**Directions**
Below are some records; quote exactly the lines from the one that contains "#11=(NAMED_UNIT(*) PLANE_ANGLE_UNIT() SI_UNIT($,.RADIAN.));" through the one that contains "#43=VECTOR('',#42,1.);", inclusive, and no others.
Records Block Start
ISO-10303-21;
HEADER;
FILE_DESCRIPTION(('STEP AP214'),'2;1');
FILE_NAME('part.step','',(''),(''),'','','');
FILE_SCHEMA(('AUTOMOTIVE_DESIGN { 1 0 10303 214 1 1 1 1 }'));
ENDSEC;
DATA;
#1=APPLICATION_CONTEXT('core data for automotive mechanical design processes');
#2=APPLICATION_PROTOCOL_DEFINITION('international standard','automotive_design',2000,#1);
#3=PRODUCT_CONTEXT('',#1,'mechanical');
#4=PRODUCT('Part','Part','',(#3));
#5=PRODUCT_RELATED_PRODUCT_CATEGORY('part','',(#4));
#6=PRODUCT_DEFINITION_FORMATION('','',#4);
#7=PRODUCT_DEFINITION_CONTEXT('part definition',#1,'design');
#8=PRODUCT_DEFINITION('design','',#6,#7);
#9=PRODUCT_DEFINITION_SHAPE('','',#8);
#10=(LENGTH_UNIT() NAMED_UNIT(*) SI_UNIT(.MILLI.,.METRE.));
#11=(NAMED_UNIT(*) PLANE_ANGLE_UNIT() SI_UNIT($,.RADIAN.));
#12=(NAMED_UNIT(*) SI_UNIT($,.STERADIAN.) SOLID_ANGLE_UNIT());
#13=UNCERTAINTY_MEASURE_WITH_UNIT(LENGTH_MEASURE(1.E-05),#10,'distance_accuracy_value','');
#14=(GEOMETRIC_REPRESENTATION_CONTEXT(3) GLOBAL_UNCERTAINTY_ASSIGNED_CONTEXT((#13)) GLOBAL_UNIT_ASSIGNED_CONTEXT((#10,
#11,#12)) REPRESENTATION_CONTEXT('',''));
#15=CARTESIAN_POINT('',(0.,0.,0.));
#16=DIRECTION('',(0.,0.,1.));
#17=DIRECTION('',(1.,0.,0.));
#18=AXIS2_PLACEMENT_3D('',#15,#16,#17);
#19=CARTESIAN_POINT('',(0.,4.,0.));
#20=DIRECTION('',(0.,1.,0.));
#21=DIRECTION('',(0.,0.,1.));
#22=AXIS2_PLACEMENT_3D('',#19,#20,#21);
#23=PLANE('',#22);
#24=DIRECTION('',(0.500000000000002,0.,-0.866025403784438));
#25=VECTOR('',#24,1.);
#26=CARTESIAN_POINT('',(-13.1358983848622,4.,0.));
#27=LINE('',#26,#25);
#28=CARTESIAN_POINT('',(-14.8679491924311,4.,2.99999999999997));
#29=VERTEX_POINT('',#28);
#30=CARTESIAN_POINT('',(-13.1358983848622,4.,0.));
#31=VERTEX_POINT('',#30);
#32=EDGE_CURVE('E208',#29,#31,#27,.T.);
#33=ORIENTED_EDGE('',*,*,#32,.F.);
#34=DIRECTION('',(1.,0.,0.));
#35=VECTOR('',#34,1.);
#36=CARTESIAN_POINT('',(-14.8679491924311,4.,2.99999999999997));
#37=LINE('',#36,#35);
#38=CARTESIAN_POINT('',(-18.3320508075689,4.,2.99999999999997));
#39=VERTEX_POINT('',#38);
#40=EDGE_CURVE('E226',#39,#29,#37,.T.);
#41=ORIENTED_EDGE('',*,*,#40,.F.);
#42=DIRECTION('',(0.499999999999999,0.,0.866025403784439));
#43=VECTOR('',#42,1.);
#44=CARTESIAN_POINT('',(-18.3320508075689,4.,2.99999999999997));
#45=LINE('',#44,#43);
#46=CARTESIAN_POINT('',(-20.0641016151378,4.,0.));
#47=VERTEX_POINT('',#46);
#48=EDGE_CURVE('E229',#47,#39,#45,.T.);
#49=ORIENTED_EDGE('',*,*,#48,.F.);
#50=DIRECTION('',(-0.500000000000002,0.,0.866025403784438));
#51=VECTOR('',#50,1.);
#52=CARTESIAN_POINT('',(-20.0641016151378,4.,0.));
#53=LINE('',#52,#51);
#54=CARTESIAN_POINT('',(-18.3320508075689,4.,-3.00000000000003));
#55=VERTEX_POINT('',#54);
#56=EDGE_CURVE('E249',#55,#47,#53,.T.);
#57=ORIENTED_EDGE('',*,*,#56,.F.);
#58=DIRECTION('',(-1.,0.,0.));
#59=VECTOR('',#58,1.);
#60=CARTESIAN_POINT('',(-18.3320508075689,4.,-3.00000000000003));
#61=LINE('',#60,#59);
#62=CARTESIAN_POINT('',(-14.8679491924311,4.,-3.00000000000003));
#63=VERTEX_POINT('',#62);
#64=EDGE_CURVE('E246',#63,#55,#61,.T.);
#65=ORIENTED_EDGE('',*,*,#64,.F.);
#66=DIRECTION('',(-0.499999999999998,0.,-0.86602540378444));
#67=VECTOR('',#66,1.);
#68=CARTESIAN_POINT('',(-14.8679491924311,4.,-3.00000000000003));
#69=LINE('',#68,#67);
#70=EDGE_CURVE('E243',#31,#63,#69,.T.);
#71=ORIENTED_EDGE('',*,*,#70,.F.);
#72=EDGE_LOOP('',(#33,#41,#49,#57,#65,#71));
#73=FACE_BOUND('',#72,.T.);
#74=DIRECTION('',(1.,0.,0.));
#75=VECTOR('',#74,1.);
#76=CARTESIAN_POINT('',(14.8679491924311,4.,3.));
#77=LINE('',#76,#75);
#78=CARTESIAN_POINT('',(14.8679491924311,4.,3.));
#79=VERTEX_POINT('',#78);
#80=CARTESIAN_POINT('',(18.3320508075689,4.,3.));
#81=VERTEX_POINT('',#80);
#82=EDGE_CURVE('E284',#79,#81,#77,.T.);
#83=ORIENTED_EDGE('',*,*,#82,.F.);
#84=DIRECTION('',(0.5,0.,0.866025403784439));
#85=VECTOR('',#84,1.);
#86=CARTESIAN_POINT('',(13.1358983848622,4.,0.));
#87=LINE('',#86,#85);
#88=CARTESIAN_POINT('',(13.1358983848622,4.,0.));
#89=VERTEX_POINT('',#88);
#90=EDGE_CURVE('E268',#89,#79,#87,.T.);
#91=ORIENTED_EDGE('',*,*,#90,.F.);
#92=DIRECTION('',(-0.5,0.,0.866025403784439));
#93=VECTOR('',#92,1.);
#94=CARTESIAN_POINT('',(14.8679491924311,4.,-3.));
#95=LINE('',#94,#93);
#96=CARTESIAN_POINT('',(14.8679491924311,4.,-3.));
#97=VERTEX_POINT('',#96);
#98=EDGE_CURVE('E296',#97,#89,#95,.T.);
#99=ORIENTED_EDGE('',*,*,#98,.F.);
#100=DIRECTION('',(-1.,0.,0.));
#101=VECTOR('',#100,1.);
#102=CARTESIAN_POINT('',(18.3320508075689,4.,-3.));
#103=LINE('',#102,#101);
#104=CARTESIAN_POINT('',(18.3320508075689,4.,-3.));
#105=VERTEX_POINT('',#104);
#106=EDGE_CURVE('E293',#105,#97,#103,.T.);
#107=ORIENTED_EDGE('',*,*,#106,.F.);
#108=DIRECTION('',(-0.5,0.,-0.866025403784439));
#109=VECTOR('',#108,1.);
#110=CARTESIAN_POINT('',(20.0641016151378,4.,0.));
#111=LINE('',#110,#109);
Records Block End
**Expected output**
#11=(NAMED_UNIT(*) PLANE_ANGLE_UNIT() SI_UNIT($,.RADIAN.));
#12=(NAMED_UNIT(*) SI_UNIT($,.STERADIAN.) SOLID_ANGLE_UNIT());
#13=UNCERTAINTY_MEASURE_WITH_UNIT(LENGTH_MEASURE(1.E-05),#10,'distance_accuracy_value','');
#14=(GEOMETRIC_REPRESENTATION_CONTEXT(3) GLOBAL_UNCERTAINTY_ASSIGNED_CONTEXT((#13)) GLOBAL_UNIT_ASSIGNED_CONTEXT((#10,
#11,#12)) REPRESENTATION_CONTEXT('',''));
#15=CARTESIAN_POINT('',(0.,0.,0.));
#16=DIRECTION('',(0.,0.,1.));
#17=DIRECTION('',(1.,0.,0.));
#18=AXIS2_PLACEMENT_3D('',#15,#16,#17);
#19=CARTESIAN_POINT('',(0.,4.,0.));
#20=DIRECTION('',(0.,1.,0.));
#21=DIRECTION('',(0.,0.,1.));
#22=AXIS2_PLACEMENT_3D('',#19,#20,#21);
#23=PLANE('',#22);
#24=DIRECTION('',(0.500000000000002,0.,-0.866025403784438));
#25=VECTOR('',#24,1.);
#26=CARTESIAN_POINT('',(-13.1358983848622,4.,0.));
#27=LINE('',#26,#25);
#28=CARTESIAN_POINT('',(-14.8679491924311,4.,2.99999999999997));
#29=VERTEX_POINT('',#28);
#30=CARTESIAN_POINT('',(-13.1358983848622,4.,0.));
#31=VERTEX_POINT('',#30);
#32=EDGE_CURVE('E208',#29,#31,#27,.T.);
#33=ORIENTED_EDGE('',*,*,#32,.F.);
#34=DIRECTION('',(1.,0.,0.));
#35=VECTOR('',#34,1.);
#36=CARTESIAN_POINT('',(-14.8679491924311,4.,2.99999999999997));
#37=LINE('',#36,#35);
#38=CARTESIAN_POINT('',(-18.3320508075689,4.,2.99999999999997));
#39=VERTEX_POINT('',#38);
#40=EDGE_CURVE('E226',#39,#29,#37,.T.);
#41=ORIENTED_EDGE('',*,*,#40,.F.);
#42=DIRECTION('',(0.499999999999999,0.,0.866025403784439));
#43=VECTOR('',#42,1.);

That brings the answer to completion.